TAHKİKAT, DELİLLERİN DEĞERLENDİRİLMESİ VE GEREKÇE;
Mahkememizce delillerin ibrazını müteakip celbi gerekli delillerde celp edilerek dosyamız arasına katılmıştır.
Mahkememizce celp edilen ….İcra Müdürlüğü’nün 2019/… takip sayılı icra dosyasının yapılan tetkikinde; takibin davacı tarafça davalı aleyhine fatura alacağına istinaden 20.000,00 TL alacağın ticari faizi ile birlikte tahsili için yapılan ilamsız icra takibinden ibaret bulunup davalı şirketin vekili marifetiyle yasal süre içerisinde sunduğu itiraz dilekçesi ile; ödeme emrine, borca, ferilerine itiraz ettiği, takibin durduğu ve davanın yasal süre içerisinde açıldığı anlaşılmıştır.
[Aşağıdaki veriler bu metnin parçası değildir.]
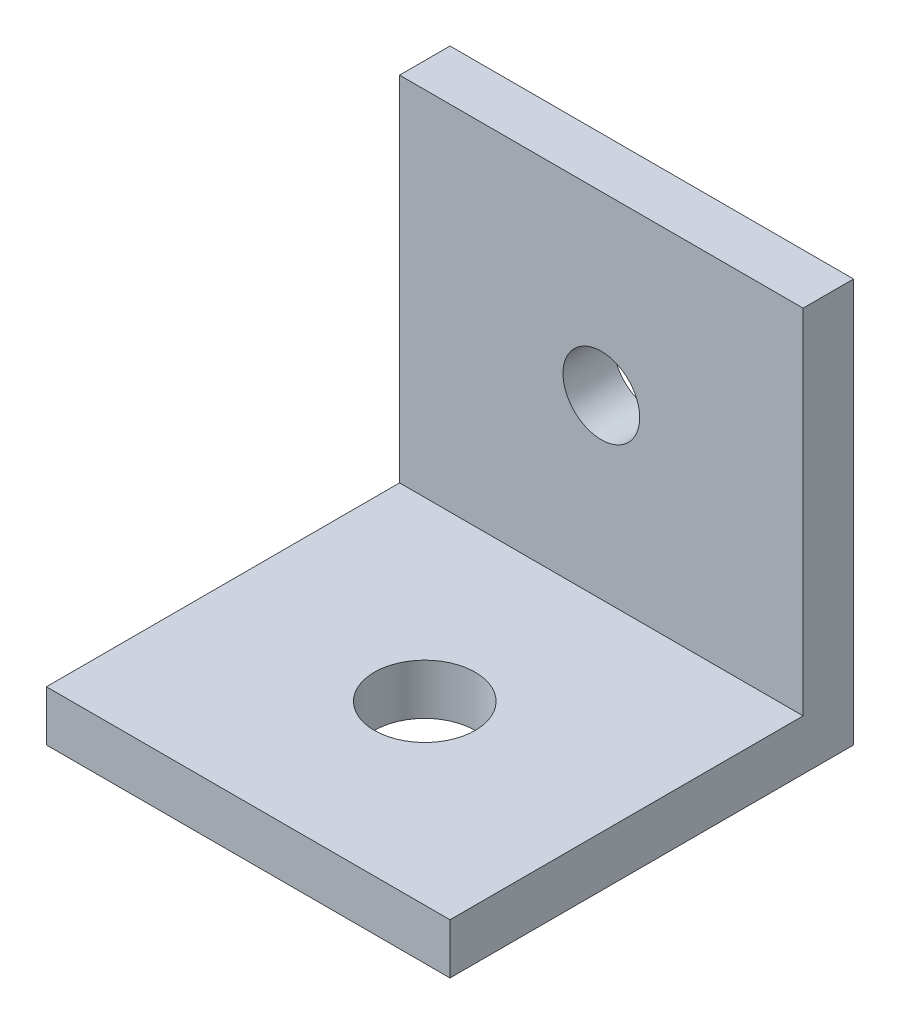
from build123d import *

# Parameters (mm, degrees)
SKETCH1_W           = 25.4
SKETCH1_H           = 25.4
BOSS_EXTRUDE1_DEPTH = 3.175
SKETCH6_W           = 25.4
SKETCH6_H           = 3.175
BOSS_EXTRUDE2_DEPTH = 22.225
SKETCH8_R           = 2.413
CUT_EXTRUDE3_DEPTH  = 3.175
SKETCH9_R           = 3.175
CUT_EXTRUDE4_DEPTH  = 3.175


with BuildPart() as part:
    # Sketch1 → Boss-Extrude1 (new body)
    with BuildSketch(Plane(origin=(0, 0, 0), x_dir=(1, 0, 0), z_dir=(0, 1, 0))):
        Rectangle(SKETCH1_W, SKETCH1_H)
    extrude(amount=BOSS_EXTRUDE1_DEPTH)

    # Sketch6 → Boss-Extrude2 (add)
    with BuildSketch(Plane(origin=(0, 3.175, 0), x_dir=(1, 0, 0), z_dir=(0, 1, 0))):
        with Locations((0, 11.1125)):
            Rectangle(SKETCH6_W, SKETCH6_H)
    extrude(amount=BOSS_EXTRUDE2_DEPTH)

    # Sketch8 → Cut-Extrude3 (cut)
    with BuildSketch(Plane.XY.offset(-9.525)):
        with Locations((0, 14.2875)):
            Circle(SKETCH8_R)
    extrude(amount=-CUT_EXTRUDE3_DEPTH, mode=Mode.SUBTRACT)

    # Sketch9 → Cut-Extrude4 (cut)
    with BuildSketch(Plane(origin=(0, 3.175, 0), x_dir=(1, 0, 0), z_dir=(0, 1, 0))):
        with Locations((0, -1.5875)):
            Circle(SKETCH9_R)
    extrude(amount=-CUT_EXTRUDE4_DEPTH, mode=Mode.SUBTRACT)


solid = part.part

Bilirkişiler … tarafından düzenlenen 28/09/2020 tarihli bilirkişi raporunda özetle;
“Dava konusu faturanın davacı ticari defterlerine kaydedildiği, davalı tarafın da dava konusu faturayı kaydettikten sonra 15.05.2019 tarihinde kırık iğne hatası bedeli açıklamalı 20.000 TL bedelli bir fatura düzenleyerek ticari defterlerine kaydettiği ve bu kayıt sonrası kalan bedeli 15.05.2019 tarihinde banka kanalıyla davacıya transfer ettiği, 20.000 TL bedelli faturanın davalı tarafça önce yurtiçi kargo aracılığıyla davacıya gönderildiği, davacının bu faturayı iade etmesi sebebiyle bu defa davacı tarafça çekilen ihtarname ekinde yeniden gönderildiği, davalı tarafın bu ihtara cevaben çektiği ihtarnamede 20.000 TL bedelli faturayı davalı tarafa tekrar iade ettiği,
Kırık iğne hatasının konfeksiyon işleminde dikiş işlemleri devam ederken iğnenin kumaşın içinden geçerken kırılması ve kumaş içinde kalması şeklinde gerçekleştiği, bu hatanın ürün teslimi sırasında metal dedektörü ile tespit edilebildiğinden açık ayıp olduğu, açık ayıbın davacı şirkete teslimattan 14 gün sonra bildirildiği,
Taraflar arasında yazılı sözleşme bulunmadığından, üçüncü şahısların davalıya ceza kesmesinden davacının sorumlu tutulamayacağı, davacı tarafça kırık iğne olgusunun kabul edilmediği, üretilen malda ayıp olduğunun ispat külfetinin davalıda bulunduğu, üçüncü şahsın ayıp iddiasının ve ceza kesmesinin maddi vakıanın ispatına yeterli olmadığı, davalının ispat külfetini yerine getiremediği, açık ayıbın davacıya uygun süre içinde bildirilmediği, davalının üretilen malları kabul ederek üçüncü kişiye göndermesiyle davacının sorumluluğunun sona erdiği, fason üretim yapan davacının iş sahibi davalıya karşı ayıp nedeniyle sorumluluğunun tespit edilemediği açıklandıktan sonra, dava dosyasında mevcut belgelerin incelenmesi neticesinde kurulumuz, davacı tarafından yapılan işin ayıplı olduğunun ispata muhtaç bulunduğu, bir an için böyle bir ayıbın varlığı kabul edildiğinde bunun mahiyeti itibariyle bir açık ayıp bulunduğu ve uygun sürede davalı iş sahibi tarafından davacı yükleniciye herhangi bir ayıp ihbarında bulunulmadığı, bu itibarla davacınımı ayıptan dolayı bir sorumluluğundan söz edilemeyeceği, davacının davalıdan 20.000 TL alacaklı bulunduğu, davalının aleyhine vaki icra takibine itirazının haksız olduğu kanaatine ulaşmıştır. ” şeklinde mütalaada bulunulmuştur.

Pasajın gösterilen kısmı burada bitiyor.